Excerpts from a dataset
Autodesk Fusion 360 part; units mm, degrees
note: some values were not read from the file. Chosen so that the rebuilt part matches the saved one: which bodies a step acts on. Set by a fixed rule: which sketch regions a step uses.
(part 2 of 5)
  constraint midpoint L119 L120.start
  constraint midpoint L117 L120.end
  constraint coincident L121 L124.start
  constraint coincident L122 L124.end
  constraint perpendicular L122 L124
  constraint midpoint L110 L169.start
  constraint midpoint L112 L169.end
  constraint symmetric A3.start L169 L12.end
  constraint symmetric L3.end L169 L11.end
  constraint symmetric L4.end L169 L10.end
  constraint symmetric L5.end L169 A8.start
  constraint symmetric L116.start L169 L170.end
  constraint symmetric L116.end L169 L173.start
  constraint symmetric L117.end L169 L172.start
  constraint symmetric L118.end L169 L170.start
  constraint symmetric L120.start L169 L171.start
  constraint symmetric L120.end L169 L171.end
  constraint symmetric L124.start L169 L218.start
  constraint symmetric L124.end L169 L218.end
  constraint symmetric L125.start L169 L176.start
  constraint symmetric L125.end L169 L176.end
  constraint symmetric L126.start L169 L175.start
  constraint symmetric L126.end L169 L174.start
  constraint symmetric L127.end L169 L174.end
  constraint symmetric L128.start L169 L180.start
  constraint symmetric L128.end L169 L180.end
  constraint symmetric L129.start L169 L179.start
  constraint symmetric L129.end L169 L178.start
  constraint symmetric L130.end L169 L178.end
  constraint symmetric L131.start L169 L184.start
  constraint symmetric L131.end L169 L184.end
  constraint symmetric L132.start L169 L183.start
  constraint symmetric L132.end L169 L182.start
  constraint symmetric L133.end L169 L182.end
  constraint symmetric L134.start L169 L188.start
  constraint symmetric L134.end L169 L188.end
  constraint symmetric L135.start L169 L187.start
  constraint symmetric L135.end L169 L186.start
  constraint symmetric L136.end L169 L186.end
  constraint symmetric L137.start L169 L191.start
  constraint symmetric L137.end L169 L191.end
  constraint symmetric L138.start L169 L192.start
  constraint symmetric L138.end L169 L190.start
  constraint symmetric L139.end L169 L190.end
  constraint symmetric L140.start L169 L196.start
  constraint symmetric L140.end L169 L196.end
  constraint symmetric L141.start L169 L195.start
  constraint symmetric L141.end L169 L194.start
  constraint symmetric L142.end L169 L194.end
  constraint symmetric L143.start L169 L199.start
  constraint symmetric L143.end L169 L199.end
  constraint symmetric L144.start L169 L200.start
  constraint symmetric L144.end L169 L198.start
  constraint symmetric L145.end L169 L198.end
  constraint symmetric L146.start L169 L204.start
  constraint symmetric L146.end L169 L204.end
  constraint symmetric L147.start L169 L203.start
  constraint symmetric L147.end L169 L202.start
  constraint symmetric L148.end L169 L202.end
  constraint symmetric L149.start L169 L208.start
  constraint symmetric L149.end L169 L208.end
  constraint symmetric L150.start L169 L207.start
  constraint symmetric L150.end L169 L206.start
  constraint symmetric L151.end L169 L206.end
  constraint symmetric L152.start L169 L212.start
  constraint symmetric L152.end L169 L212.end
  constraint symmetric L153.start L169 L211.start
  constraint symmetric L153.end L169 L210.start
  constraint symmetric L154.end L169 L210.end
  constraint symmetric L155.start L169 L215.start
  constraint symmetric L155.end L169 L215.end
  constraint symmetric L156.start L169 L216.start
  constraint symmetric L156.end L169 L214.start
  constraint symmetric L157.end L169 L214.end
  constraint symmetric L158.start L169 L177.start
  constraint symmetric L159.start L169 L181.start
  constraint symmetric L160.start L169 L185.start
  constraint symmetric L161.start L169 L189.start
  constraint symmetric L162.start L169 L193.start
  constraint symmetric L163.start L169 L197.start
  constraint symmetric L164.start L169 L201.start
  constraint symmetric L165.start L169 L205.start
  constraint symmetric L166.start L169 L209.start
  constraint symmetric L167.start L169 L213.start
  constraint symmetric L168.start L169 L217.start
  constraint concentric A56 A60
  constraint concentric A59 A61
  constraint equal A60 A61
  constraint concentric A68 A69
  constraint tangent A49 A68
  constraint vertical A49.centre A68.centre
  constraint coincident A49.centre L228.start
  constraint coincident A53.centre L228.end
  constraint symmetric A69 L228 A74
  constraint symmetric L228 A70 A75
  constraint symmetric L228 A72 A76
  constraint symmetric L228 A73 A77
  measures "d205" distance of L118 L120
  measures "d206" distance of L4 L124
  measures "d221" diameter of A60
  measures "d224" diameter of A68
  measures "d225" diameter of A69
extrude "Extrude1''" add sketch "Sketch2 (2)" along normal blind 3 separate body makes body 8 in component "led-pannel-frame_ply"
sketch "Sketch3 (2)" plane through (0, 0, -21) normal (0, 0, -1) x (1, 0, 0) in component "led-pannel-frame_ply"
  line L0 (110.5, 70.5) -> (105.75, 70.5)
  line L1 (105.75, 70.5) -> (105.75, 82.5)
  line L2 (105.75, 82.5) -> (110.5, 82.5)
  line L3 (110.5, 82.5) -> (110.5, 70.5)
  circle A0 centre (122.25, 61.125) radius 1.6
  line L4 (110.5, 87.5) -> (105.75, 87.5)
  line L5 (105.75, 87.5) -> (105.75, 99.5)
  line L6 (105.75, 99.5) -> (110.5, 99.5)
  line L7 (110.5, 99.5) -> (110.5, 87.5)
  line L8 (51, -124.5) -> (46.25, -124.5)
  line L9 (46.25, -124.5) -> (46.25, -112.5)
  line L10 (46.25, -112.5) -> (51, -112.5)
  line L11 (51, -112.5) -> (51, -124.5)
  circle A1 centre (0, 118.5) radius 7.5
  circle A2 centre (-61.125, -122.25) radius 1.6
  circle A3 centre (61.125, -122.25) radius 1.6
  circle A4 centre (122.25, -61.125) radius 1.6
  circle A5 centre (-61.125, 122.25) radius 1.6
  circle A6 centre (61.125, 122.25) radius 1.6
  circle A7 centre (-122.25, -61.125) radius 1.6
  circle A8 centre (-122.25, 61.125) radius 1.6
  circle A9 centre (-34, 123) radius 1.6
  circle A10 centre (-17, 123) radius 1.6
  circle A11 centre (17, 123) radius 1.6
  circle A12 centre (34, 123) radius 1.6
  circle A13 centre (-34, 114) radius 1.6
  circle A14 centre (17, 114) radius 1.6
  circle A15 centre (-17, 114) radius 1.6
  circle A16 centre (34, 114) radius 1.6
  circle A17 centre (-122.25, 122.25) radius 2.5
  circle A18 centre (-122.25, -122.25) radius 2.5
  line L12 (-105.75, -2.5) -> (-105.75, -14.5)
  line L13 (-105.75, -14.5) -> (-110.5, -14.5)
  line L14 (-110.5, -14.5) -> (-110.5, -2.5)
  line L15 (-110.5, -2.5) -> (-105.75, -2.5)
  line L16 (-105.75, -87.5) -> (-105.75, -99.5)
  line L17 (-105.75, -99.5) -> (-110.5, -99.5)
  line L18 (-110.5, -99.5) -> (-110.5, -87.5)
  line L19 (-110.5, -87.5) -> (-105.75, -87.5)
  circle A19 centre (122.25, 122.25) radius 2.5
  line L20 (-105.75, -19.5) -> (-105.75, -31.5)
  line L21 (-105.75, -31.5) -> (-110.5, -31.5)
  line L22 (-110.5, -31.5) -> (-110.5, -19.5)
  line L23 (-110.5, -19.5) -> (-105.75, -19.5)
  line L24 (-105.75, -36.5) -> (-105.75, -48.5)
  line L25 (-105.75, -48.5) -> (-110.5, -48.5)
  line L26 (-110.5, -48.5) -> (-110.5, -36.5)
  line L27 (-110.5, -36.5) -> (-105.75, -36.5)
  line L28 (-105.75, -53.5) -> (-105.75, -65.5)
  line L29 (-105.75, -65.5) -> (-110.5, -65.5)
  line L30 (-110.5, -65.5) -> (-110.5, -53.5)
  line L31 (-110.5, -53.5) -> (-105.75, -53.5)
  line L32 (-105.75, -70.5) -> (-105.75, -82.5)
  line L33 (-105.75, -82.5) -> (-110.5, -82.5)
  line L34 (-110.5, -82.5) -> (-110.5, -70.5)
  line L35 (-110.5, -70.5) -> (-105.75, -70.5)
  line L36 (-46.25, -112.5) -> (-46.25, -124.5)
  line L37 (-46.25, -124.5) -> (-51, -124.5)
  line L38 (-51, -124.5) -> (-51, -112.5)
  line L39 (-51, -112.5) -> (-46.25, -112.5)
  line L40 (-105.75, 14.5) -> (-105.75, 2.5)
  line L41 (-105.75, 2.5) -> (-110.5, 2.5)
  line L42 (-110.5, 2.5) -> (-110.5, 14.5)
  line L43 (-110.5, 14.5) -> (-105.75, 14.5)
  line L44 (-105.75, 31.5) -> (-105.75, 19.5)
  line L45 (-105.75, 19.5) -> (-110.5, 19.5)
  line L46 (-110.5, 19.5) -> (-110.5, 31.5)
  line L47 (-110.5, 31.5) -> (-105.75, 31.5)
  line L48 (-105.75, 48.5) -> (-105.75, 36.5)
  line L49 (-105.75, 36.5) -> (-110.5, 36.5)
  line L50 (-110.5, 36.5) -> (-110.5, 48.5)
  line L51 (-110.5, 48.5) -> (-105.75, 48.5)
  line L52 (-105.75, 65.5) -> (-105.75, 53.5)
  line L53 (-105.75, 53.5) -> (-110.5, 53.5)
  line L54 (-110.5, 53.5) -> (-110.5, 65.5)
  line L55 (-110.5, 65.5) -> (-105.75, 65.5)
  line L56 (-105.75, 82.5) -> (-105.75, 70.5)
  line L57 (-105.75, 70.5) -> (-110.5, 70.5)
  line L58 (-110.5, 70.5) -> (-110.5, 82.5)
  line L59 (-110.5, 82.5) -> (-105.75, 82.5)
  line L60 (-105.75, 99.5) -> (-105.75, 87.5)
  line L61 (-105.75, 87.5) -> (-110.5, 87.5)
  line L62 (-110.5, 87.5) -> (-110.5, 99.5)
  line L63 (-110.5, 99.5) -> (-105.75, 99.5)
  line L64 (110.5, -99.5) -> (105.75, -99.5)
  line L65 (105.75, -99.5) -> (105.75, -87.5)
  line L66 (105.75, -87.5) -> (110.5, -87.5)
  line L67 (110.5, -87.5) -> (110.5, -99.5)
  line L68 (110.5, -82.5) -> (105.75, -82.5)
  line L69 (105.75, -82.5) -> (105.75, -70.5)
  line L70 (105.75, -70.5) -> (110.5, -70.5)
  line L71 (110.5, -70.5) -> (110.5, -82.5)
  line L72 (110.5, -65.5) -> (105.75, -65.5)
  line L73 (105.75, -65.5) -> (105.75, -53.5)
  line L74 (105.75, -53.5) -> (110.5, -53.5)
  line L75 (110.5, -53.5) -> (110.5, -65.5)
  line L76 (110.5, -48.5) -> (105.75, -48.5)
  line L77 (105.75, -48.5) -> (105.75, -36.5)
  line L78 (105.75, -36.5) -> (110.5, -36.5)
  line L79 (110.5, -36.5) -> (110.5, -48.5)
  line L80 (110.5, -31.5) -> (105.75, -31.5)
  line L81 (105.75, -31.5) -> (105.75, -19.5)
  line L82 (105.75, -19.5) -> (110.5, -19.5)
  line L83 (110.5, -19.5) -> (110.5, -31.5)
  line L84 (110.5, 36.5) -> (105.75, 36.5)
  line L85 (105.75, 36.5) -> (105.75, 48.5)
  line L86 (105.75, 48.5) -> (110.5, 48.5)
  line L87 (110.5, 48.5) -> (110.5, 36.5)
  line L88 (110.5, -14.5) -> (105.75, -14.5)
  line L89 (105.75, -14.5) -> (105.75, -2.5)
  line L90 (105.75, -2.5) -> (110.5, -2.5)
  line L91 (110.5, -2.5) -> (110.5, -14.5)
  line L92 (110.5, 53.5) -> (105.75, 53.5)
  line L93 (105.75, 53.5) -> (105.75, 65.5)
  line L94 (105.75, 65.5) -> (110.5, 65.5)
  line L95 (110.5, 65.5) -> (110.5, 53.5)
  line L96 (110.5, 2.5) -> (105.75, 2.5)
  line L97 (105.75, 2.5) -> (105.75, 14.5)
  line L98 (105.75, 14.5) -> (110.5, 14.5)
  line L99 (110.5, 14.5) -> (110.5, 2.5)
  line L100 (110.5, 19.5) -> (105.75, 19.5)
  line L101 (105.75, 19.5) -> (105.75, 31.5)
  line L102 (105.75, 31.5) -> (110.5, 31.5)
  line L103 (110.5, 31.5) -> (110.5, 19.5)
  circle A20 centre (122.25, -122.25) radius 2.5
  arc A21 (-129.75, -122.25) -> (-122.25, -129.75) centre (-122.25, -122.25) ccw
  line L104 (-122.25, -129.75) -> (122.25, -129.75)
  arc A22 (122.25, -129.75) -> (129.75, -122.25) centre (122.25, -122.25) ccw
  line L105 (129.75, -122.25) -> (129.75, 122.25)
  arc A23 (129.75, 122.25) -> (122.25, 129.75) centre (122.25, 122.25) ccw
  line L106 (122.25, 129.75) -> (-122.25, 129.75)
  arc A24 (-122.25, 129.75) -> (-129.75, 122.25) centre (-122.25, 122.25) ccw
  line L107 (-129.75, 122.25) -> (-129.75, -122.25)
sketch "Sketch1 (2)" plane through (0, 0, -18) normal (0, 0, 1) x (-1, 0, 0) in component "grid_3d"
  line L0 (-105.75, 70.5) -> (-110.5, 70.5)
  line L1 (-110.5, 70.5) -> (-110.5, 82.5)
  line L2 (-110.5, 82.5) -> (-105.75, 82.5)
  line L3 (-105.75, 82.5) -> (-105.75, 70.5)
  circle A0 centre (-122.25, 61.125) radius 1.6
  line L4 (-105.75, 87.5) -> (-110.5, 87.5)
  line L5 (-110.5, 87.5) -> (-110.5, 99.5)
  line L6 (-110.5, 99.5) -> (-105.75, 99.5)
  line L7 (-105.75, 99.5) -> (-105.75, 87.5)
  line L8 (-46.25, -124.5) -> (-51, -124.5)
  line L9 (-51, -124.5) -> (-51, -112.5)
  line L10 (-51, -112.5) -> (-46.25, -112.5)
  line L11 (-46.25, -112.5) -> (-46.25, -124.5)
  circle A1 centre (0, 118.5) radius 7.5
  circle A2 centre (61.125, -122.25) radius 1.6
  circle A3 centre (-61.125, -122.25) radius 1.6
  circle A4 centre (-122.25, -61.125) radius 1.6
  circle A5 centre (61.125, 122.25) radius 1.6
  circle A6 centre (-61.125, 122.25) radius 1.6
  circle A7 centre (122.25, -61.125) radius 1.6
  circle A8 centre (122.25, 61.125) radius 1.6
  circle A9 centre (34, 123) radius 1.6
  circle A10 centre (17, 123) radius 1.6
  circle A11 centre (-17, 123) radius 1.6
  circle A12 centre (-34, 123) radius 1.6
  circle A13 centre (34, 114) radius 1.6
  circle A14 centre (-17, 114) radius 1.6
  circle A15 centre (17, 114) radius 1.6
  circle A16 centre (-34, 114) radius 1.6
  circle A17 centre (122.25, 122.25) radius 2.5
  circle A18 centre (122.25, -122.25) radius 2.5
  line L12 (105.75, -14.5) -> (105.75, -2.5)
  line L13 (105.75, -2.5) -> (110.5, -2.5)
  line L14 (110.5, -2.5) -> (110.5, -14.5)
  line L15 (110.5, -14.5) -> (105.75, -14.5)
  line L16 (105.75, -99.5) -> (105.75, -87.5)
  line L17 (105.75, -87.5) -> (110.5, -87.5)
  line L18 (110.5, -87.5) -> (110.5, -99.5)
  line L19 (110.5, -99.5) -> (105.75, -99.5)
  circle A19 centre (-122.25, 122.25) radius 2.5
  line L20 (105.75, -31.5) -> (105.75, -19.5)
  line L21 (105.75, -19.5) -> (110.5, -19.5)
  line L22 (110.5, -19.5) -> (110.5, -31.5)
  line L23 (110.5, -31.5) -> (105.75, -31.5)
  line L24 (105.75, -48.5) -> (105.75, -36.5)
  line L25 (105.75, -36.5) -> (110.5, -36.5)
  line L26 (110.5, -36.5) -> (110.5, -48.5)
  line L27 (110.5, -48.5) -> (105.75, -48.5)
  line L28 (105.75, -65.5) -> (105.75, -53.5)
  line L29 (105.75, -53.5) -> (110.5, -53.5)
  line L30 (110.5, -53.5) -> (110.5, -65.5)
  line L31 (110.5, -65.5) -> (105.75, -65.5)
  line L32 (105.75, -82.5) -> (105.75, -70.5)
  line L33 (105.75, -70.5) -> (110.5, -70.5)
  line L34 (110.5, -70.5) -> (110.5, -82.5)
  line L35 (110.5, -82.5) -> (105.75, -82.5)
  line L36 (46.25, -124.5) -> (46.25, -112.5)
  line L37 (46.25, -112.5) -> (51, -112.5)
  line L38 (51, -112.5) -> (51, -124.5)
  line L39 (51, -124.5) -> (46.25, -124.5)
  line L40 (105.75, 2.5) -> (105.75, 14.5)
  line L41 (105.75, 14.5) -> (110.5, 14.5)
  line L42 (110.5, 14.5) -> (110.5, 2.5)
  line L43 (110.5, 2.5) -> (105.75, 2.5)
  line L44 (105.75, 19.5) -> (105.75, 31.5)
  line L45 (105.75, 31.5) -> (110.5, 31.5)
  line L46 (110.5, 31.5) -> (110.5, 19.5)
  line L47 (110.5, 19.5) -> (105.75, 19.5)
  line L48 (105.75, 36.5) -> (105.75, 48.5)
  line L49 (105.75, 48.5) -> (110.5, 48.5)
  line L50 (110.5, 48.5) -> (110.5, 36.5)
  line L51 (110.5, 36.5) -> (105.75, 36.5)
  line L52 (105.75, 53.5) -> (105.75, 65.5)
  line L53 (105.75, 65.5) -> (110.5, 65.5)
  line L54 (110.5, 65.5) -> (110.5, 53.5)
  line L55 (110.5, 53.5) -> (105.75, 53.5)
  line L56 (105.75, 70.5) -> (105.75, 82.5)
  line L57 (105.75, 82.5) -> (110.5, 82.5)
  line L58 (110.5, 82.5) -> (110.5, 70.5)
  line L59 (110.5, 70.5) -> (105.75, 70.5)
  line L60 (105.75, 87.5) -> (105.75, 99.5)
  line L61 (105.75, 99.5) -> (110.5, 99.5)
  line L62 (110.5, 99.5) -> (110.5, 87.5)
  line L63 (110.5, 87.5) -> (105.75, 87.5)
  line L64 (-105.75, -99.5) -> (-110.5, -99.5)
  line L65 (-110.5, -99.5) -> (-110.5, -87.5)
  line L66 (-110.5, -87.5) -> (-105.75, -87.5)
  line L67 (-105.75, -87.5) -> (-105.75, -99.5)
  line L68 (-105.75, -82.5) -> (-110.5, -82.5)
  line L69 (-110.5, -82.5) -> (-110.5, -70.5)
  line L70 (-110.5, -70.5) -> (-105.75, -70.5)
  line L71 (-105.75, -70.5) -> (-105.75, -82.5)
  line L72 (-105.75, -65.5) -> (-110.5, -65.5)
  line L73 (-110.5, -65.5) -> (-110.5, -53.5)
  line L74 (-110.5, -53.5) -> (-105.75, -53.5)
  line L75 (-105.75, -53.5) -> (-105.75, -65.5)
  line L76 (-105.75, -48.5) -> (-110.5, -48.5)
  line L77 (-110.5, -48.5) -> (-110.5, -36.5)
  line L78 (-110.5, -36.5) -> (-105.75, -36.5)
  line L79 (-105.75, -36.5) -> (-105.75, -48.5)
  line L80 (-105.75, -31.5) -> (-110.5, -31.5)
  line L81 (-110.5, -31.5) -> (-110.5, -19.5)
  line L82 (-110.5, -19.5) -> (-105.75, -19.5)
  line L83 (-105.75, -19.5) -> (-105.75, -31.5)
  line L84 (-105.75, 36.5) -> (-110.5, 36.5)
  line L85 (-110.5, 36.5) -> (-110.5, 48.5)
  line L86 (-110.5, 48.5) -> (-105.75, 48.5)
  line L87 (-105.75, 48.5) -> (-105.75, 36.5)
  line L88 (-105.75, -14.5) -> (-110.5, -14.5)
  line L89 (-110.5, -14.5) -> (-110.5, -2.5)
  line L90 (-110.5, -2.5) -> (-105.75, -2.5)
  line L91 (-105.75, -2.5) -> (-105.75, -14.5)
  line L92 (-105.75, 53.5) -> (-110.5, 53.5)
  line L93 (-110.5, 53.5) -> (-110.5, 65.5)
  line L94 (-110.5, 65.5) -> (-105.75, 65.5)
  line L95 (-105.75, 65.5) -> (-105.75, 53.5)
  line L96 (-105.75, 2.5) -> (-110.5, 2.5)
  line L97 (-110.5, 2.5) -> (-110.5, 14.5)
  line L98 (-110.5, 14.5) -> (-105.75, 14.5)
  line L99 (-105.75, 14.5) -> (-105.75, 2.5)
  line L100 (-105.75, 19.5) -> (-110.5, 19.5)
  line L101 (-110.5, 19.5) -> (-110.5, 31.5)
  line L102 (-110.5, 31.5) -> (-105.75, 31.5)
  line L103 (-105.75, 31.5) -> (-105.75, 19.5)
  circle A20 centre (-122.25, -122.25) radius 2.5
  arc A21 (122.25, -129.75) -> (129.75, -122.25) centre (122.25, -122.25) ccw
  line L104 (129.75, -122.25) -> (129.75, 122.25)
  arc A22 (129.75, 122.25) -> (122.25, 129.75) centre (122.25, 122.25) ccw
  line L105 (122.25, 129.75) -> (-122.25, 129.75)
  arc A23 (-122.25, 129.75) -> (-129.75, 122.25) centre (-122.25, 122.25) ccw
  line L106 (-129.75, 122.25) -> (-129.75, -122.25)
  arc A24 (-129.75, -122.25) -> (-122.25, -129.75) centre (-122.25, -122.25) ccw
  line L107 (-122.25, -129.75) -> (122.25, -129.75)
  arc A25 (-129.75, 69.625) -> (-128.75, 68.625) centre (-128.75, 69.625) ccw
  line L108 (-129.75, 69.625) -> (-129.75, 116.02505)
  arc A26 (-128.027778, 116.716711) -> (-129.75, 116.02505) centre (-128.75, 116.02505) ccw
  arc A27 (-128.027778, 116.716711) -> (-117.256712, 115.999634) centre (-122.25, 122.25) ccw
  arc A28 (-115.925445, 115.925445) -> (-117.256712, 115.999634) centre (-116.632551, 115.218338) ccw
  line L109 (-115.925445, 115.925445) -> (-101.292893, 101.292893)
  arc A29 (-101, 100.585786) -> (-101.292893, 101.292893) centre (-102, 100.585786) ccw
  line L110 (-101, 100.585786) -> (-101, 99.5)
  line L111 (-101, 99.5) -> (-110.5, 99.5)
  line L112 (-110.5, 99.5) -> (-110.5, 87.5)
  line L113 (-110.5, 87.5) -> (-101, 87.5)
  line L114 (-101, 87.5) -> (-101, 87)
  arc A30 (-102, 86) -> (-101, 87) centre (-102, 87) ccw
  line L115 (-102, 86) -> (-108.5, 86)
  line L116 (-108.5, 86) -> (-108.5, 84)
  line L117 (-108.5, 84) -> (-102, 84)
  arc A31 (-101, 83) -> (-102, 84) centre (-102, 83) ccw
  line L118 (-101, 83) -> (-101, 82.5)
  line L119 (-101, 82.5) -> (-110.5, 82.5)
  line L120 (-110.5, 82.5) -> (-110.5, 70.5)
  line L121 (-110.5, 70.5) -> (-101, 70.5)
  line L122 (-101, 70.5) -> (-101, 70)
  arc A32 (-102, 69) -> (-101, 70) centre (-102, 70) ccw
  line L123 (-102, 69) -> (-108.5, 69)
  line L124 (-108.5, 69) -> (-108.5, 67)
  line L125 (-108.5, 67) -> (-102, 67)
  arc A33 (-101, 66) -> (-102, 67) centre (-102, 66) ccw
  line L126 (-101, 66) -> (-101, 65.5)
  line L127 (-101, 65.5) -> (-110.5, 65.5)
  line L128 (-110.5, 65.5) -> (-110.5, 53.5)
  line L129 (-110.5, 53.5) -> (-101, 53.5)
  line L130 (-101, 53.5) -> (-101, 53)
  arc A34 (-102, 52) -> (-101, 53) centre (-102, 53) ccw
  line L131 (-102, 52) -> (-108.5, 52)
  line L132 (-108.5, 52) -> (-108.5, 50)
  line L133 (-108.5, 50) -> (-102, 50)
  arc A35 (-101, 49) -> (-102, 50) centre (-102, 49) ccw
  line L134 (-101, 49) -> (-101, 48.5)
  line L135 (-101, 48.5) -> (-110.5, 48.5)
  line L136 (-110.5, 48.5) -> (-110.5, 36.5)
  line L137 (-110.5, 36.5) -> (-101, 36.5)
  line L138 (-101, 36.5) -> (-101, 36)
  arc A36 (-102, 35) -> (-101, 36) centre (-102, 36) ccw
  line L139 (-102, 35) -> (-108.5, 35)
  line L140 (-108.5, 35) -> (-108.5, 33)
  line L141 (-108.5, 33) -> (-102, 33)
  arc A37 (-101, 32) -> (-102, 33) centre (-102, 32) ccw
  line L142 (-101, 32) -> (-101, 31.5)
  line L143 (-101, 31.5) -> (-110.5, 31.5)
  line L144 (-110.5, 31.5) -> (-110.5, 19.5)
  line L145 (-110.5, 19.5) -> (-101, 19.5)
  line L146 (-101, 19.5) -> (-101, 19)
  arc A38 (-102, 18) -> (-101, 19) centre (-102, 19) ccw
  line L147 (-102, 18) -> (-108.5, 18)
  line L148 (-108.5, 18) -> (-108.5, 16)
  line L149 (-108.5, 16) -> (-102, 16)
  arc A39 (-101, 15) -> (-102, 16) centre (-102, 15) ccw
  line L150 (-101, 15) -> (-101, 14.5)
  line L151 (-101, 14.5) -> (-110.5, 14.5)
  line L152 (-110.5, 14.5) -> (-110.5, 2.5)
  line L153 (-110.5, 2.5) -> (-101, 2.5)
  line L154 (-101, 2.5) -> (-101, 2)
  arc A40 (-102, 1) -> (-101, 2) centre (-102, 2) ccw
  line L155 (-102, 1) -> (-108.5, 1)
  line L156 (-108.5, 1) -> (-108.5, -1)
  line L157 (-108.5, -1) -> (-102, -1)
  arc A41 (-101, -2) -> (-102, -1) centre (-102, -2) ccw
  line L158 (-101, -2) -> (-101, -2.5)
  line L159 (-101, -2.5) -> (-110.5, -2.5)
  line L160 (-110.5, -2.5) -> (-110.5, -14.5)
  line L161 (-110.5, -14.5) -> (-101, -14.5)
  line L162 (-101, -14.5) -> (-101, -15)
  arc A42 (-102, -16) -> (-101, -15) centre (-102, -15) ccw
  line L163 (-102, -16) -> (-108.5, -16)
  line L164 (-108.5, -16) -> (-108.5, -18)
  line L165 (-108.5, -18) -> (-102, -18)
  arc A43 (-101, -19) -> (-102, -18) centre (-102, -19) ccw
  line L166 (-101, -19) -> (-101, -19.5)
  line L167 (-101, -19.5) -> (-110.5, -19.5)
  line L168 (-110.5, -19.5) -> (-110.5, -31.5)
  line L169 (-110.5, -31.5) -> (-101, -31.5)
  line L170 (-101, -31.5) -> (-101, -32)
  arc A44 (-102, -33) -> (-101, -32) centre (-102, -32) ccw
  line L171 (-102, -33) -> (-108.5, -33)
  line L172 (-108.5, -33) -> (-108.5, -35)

## Problem
For each line above that carries the word "midpoint", copy it out.

## Exercise answer
  constraint midpoint L119 L120.start
  constraint midpoint L117 L120.end
  constraint midpoint L110 L169.start
  constraint midpoint L112 L169.end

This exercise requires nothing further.